(Records excerpted from a collection)
□ □ □ □ □ □ □
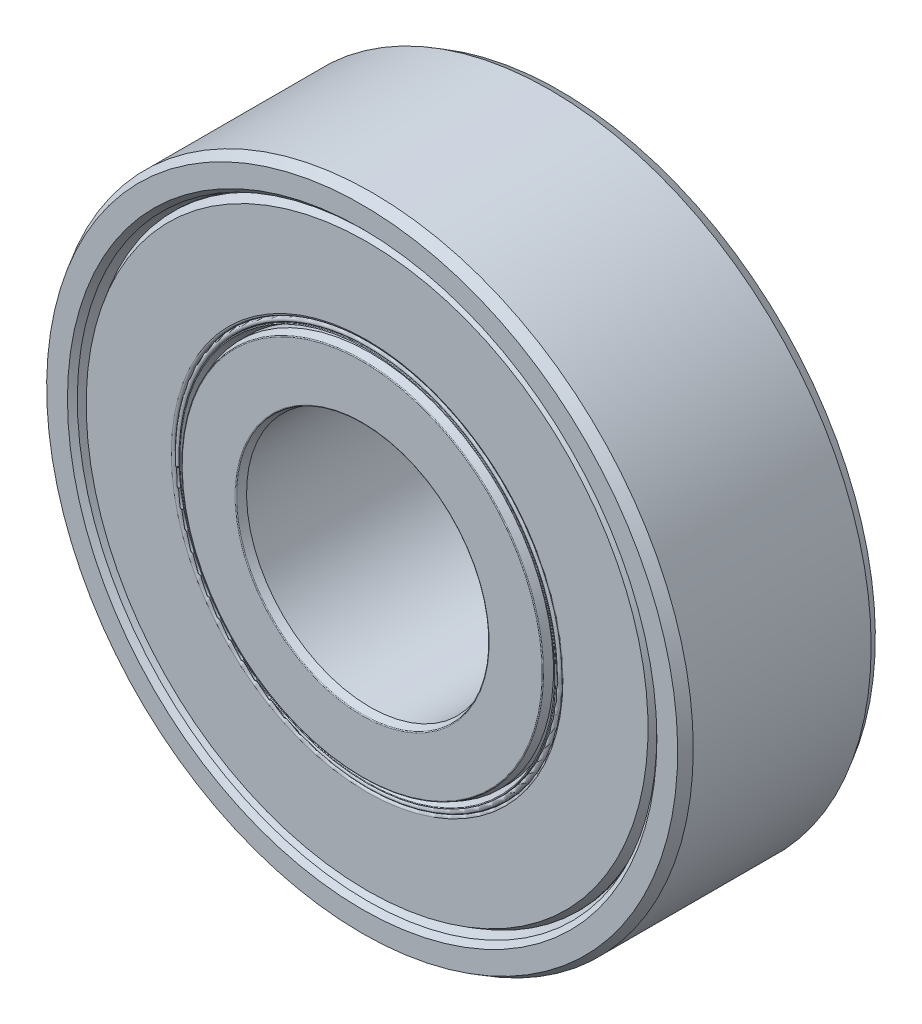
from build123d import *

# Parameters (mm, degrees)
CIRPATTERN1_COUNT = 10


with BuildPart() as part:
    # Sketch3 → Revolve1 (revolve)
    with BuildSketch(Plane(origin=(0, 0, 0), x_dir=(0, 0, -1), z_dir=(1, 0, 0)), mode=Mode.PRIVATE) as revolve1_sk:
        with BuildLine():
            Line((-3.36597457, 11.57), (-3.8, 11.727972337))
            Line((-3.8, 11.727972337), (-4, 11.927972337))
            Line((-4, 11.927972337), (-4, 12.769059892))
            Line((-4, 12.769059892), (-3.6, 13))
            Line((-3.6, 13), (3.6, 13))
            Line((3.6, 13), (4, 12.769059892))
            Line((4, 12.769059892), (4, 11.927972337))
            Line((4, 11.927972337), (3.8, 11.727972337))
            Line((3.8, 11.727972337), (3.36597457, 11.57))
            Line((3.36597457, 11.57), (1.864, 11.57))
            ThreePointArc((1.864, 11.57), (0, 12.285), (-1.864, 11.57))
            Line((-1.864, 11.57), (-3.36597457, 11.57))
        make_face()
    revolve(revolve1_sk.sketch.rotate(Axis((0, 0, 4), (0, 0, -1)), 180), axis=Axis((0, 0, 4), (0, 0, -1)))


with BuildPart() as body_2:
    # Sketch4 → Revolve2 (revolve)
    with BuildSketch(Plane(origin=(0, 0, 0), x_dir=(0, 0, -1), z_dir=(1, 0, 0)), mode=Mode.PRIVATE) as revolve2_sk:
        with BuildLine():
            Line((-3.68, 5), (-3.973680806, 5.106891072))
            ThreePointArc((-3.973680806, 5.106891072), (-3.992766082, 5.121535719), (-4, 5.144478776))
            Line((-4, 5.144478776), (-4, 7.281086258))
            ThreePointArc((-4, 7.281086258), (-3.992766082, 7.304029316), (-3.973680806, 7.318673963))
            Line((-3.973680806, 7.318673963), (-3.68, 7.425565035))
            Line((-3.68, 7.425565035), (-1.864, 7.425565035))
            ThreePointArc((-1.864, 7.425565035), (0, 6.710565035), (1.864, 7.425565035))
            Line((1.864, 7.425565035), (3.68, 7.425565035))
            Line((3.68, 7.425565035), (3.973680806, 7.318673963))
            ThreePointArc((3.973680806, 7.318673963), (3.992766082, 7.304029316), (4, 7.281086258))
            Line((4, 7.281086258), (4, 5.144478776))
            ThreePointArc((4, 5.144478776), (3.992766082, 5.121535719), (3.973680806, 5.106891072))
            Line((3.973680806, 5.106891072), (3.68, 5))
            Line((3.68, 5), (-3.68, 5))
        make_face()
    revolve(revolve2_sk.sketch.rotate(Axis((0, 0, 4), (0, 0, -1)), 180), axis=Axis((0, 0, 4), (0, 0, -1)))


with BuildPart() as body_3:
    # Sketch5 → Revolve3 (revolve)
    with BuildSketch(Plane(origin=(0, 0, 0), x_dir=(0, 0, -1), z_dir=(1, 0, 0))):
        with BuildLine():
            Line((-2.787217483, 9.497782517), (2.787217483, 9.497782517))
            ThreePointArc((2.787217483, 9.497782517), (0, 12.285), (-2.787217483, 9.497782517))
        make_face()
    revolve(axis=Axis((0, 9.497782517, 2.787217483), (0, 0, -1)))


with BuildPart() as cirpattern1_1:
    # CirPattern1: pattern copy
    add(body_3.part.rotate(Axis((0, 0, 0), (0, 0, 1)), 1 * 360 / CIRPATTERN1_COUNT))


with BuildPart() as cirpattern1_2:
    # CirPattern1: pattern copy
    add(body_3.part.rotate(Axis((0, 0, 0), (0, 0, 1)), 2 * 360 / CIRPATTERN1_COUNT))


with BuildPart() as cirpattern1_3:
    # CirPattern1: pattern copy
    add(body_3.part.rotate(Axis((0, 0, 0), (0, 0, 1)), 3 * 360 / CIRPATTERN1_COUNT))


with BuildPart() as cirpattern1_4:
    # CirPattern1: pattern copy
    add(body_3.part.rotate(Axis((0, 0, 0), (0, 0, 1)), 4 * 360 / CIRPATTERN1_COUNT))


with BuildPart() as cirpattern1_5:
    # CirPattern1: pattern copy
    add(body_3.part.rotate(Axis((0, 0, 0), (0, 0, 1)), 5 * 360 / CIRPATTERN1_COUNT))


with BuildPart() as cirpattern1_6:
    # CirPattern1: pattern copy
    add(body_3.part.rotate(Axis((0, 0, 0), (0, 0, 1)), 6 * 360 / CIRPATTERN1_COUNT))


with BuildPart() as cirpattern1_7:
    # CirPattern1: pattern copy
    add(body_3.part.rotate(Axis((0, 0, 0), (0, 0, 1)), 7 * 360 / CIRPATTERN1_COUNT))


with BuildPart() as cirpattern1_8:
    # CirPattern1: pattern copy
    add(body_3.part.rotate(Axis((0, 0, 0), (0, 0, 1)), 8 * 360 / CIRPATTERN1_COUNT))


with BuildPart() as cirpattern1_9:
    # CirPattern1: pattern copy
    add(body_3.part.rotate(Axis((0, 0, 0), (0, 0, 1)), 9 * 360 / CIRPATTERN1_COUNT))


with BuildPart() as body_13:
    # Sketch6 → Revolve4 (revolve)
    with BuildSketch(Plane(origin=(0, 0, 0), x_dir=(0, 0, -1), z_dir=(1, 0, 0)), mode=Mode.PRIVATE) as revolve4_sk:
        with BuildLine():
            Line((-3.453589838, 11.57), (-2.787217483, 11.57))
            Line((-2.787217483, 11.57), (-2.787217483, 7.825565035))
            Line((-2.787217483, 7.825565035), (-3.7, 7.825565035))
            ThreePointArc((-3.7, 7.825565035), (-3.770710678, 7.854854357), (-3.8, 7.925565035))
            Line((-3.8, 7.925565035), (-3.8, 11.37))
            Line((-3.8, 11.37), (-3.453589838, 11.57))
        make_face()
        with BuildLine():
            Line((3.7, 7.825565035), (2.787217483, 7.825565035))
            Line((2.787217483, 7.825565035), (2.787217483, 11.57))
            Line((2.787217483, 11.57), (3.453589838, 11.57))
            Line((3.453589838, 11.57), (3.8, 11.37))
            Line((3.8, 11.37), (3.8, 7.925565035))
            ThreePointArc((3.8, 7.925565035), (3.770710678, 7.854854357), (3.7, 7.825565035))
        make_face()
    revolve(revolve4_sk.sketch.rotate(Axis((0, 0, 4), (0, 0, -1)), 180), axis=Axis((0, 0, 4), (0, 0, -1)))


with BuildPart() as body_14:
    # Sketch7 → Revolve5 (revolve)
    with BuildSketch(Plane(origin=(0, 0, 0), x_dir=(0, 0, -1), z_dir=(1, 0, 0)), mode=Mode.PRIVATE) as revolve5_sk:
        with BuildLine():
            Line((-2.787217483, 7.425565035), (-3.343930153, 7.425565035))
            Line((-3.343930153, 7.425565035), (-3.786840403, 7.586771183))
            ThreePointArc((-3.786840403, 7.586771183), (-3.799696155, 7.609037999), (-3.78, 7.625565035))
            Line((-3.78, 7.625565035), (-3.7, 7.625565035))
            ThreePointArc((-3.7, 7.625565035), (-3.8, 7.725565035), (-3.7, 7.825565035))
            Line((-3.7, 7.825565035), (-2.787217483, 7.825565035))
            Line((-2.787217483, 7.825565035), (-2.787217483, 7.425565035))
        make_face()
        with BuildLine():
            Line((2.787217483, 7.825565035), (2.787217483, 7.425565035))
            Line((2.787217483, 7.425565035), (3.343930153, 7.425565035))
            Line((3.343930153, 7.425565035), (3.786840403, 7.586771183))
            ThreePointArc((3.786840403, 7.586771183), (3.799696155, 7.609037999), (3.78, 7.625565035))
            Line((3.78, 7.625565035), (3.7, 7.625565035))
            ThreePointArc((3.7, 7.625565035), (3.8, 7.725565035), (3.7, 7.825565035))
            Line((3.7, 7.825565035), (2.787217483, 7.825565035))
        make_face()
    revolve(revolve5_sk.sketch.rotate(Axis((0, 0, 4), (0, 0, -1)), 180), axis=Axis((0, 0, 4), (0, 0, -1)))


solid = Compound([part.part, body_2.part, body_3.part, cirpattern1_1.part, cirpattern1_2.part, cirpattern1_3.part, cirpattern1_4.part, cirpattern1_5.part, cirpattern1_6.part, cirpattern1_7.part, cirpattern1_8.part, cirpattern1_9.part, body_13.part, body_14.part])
□ □ □ □ □ □ □
### Description of the task
When the word "BuildSketch" shows up in a line of the entries, pull that line out.

### Reply to the task
    with BuildSketch(Plane(origin=(0, 0, 0), x_dir=(0, 0, -1), z_dir=(1, 0, 0)), mode=Mode.PRIVATE) as revolve1_sk:
    with BuildSketch(Plane(origin=(0, 0, 0), x_dir=(0, 0, -1), z_dir=(1, 0, 0)), mode=Mode.PRIVATE) as revolve2_sk:
    with BuildSketch(Plane(origin=(0, 0, 0), x_dir=(0, 0, -1), z_dir=(1, 0, 0))):
    with BuildSketch(Plane(origin=(0, 0, 0), x_dir=(0, 0, -1), z_dir=(1, 0, 0)), mode=Mode.PRIVATE) as revolve4_sk:
    with BuildSketch(Plane(origin=(0, 0, 0), x_dir=(0, 0, -1), z_dir=(1, 0, 0)), mode=Mode.PRIVATE) as revolve5_sk:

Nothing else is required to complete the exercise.